Quitte à le démonter complétement pour la RAM, autant penser à mettre un DD neuf. Ca lui fera du bien aussi


----------



## Invité (1 Octobre 2012)

A priori *asteral *qui poste aussi chez les cousins a un 1.25GHz, donc Usb2 et 2Go possible.

Tu peux trouver ton bonheur pour la Ram chez OWC


----------



## melaure (2 Octobre 2012)

Invité a dit:


> A priori *asteral *qui poste aussi chez les cousins a un 1.25GHz, donc Usb2 et 2Go possible.
> 
> Tu peux trouver ton bonheur pour la Ram chez OWC



Je plussoie, mon fournisseur depuis 10 ans


----------



## asteral (21 Novembre 2012)

merci pour ces conseils !
mon copain est arrivé avec un paquet de barrettes. On a pu changer la barrette intérieur pour une de 512 (pas de bol, il n'en avait pas de 1Go pour cette taille de barrettes)
par contre il avait plusieurs petites barrettes Ram de 1 Go (celle qui est directement accessible à côté de la carte airport) et manque de chance aucune n'entrait :mouais: Il y a une toute petite différence dans la disposition des broches, imperceptible si on ne regarde pas attentivement leur répartition autour de la fente qui sépare les deux "paquets" (excusez mon vocabulaire de débutante).
alors qu'elle répondait à toutes les caractéristiques données par l'ordi ... je suis perplexe.
du coup j'ai commandé une barrette chez OWC. Elle est annoncée compatible, j'espère que ça va marcher ;-)

J'ai également récupéré 4 CD de Tiger dont on m'a dit qu'ils servaient à installer Tiger, mais l'ordi n'accepte d'installation qu'à partir de DVD universels ... avez vous une recommandation sur la marche à suivre ? Je me souviens avoir lu une procédure sur ce site, que je ne retrouve pas ... excusez cette question, je suis un peu perdue 

D'avance merci beaucoup 
La cousine


----------



## esv^^ (21 Novembre 2012)

Dans tout les cas, un tournesol  n'acceptera pas une barrette de 1Go; tu peut atteindre 1Go avec 2 deux 512, mais impossible d'installer une seule barrette de 1Go. Même si ce type de barrette existe, elle ne sera pas reconnue...


----------



## asteral (21 Novembre 2012)

Bon ben j'aurai perdu 40 euros. c'est bête, paske la barrette va arriver à Noel !
Pourtant, vous disiez vous même que mon ordi (tournesol G4 1,25 GHz) pouvait supporter 2Go de Ram ... c'est pas grave. je trouverai bien une utilisation plus tard 

et sinon, pour l'installation de Tiger à partir de 4 CD, quelques idées ?


----------



## Invité (21 Novembre 2012)

esv^^ a dit:


> Dans tout les cas, un tournesol  n'acceptera pas une barrette de 1Go; tu peut atteindre 1Go avec 2 deux 512, mais impossible d'installer une seule barrette de 1Go. Même si ce type de barrette existe, elle ne sera pas reconnue...
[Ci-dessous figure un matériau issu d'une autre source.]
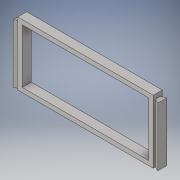
# Autodesk Inventor part: doveTailBar
Saved by Autodesk Inventor 2016 (Build 200138000, 138)
## iProperties
Created: 2015-11-04
Part Number: doveTailBar
Material: Generic
Document SubType Name: Modeling
Designer: rossmosier
Density: 1 g/cm^3
Appearance: Default
Author: rossmosier
Autodesk Inventor part; units mm, degrees
ref_plane "YZ Plane" through (0, 0, 0) normal (1, 0, 0) x (0, 1, 0)
ref_plane "XZ Plane" through (0, 0, 0) normal (0, 1, 0) x (-1, 0, 0)
ref_plane "XY Plane" through (0, 0, 0) normal (0, 0, 1) x (1, 0, 0)
sketch "Sketch1" plane through (0, 0, 0) normal (0, 1, 0) x (-1, 0, 0)
  line L0 (0, 0) -> (-190.5, 0)
  line L1 (-190.5, 0) -> (-190.5, -12.7)
  line L2 (-190.5, -12.7) -> (0, -12.7)
  line L3 (0, -12.7) -> (0, 0)
  dimension "d0" = 190.5
  dimension "d1" = 12.7
  constraints: 8 end point, 2 parallel, 1 horizontal, 1 perpendicular
  measures "d0" distance of L2.end L1.end
  measures "d1" distance of L1.end L0.end
extrude "Extrusion1" add sketch "Sketch1" along normal blind 88.9
sketch "Sketch2" plane through (0, 0, 0) normal (0, 1, 0) x (-1, 0, 0)
  line L0 (0, -12.7) -> (0, 0) construction
  line L1 (0, -12.6308) -> (0, 0) construction
  line L2 (0, -6.3154) -> (6.35, -6.3154) construction
  line L3 (6.35, 0) -> (6.35, -12.6308)
  line L4 (0, -6.3154) -> (0, -3.1658)
  line L5 (0, -6.3154) -> (0, -9.465)
  line L6 (0, -9.465) -> (6.35, -12.6308)
  line L7 (0, -3.1658) -> (6.35, 0)
  line L8 (-190.5, -12.7) -> (0, -12.7) construction
  line L9 (-95.25, -12.7) -> (-95.25, 0) construction
  line L10 (-190.5, -12.7) -> (-190.5, 0) construction
  line L11 (-196.85, 0) -> (-196.85, -12.6308)
  line L12 (-190.5, -9.465) -> (-196.85, -12.6308)
  line L13 (-190.5, -3.1658) -> (-196.85, 0)
  line L14 (-190.5, -9.465) -> (-190.5, -3.1658)
  line L15 (0, -9.465) -> (0, -3.1658)
  line L16 (-190.5, -9.465) -> (-196.85, -12.6308)
  line L17 (-196.85, 0) -> (-190.5, -3.1658)
  dimension "d4" = 6.35
  dimension "d5" = 3.1496
  dimension "d6" = 3.1496
  dimension "d9" = 12.6308
  constraints: 32 end point, 5 symmetric about line, 3 collinear, 3 point on line, 3 vertical, 2 midpoint, 1 horizontal
  measures "d4" distance of L2.start L2.end
  measures "d5" distance of L2.start L4.end
  measures "d6" distance of L2.start L5.end
  measures "d9" distance of L3.start L3.end
extrude "Extrusion2" add sketch "Sketch2" along normal blind 82.55
sketch "Sketch3" plane through (0, 0, 0) normal (0, 0, 1) x (1, 0, 0)
  line L0 (0, 0) -> (190.5, 0) projected
  line L1 (190.5, 0) -> (190.5, 88.9) projected
  line L2 (0, 88.9) -> (190.5, 88.9) projected
  line L3 (0, 0) -> (0, 88.9) projected
  line L4 (184.15, 82.55) -> (184.15, 6.35)
  line L5 (184.15, 6.35) -> (6.35, 6.35)
  line L6 (31.75, 82.55) -> (31.75, 6.35)
  line L7 (6.35, 6.35) -> (6.35, 82.55)
  line L8 (6.35, 82.55) -> (184.15, 82.55)
  line L9 (38.1, 82.55) -> (38.1, 6.35)
  line L10 (63.5, 82.55) -> (63.5, 6.35)
  line L11 (69.85, 82.55) -> (69.85, 6.35)
  line L12 (95.25, 82.55) -> (95.25, 6.35)
  line L13 (101.6, 82.55) -> (101.6, 6.35)
  line L14 (127, 82.55) -> (127, 6.35)
  line L15 (133.35, 82.55) -> (133.35, 6.35)
  line L16 (158.75, 82.55) -> (158.75, 6.35)
  line L17 (165.1, 82.55) -> (165.1, 6.35)
  line L18 (6.35, 82.55) -> (184.15, 82.55)
  line L19 (184.15, 82.55) -> (184.15, 6.35)
  line L20 (184.15, 6.35) -> (6.35, 6.35)
  line L21 (6.35, 6.35) -> (6.35, 82.55)
  dimension "d12" = 6.35
  dimension "d13" = 25.4
  dimension "d14" = 6.35
  dimension "d15" = 25.4
  dimension "d16" = 6.35
  dimension "d17" = 25.4
  dimension "d18" = 6.35
  dimension "d19" = 25.4
  dimension "d20" = 6.35
  constraints: 36 end point, 11 parallel, 2 perpendicular, 2 vertical, 1 horizontal, 1 point on line, 1 other
  measures "d12" distance between parallel lines of L6 L9
  measures "d13" distance between parallel lines of L9 L10
  measures "d14" distance between parallel lines of L10 L11
  measures "d15" distance between parallel lines of L11 L12
  measures "d16" distance between parallel lines of L12 L13
  measures "d17" distance between parallel lines of L13 L14
  measures "d18" distance between parallel lines of L14 L15
  measures "d19" distance between parallel lines of L15 L16
  measures "d20" distance between parallel lines of L16 L17
extrude "Extrusion3" cut sketch "Sketch3" against normal blind 76.2 contours L4 L5 L17 L8 | L17 L5 L16 L8 | L16 L5 L15 L8 | L15 L5 L14 L8 | L14 L5 L13 L8 | L13 L5 L12 L8 | L12 L5 L11 L8 | L11 L5 L10 L8 | L10 L5 L9 L8 | L9 L5 L6 L8 | L6 L5 L7 L8
body "Solid1"

Les iMac en Usb2 acceptent 2Go de Ram, désolé


----------



## CBi (21 Novembre 2012)

Le fil qui dit tout sur l'upgrade du G4 Tournesol, c'est ici http://forums.macg.co//showthread.php?t=165522&referrerid=8073


----------



## asteral (21 Novembre 2012)

CBi a dit:


> Le fil qui dit tout sur l'upgrade du G4 Tournesol, c'est ici http://forums.macg.co//showthread.php?t=165522&referrerid=8073




oups CBi ... "page not found" ?
bon, en fait l'adresse fonctionne si on copy-paste

merci !


----------



## esv^^ (21 Novembre 2012)

Mea Culpa. Je me suis planté.

C'est vrai que moi j'ai le premier Tournesol, donc j'ai pas pensé...
Désolé pour la fausse frayeur....


----------



## CBi (21 Novembre 2012)

asteral a dit:


> oups CBi ... "page not found" ?
> bon, en fait l'adresse fonctionne si on copy-paste
> 
> merci !



Désolé : rechercher un lien et le copier depuis l'appli MacG sur idevice c'est la galère. 
Voici un lien direct.


----------



## melaure (22 Novembre 2012)

esv^^ a dit:


> Mea Culpa. Je me suis planté.
> 
> C'est vrai que moi j'ai le premier Tournesol, donc j'ai pas pensé...
> Désolé pour la fausse frayeur....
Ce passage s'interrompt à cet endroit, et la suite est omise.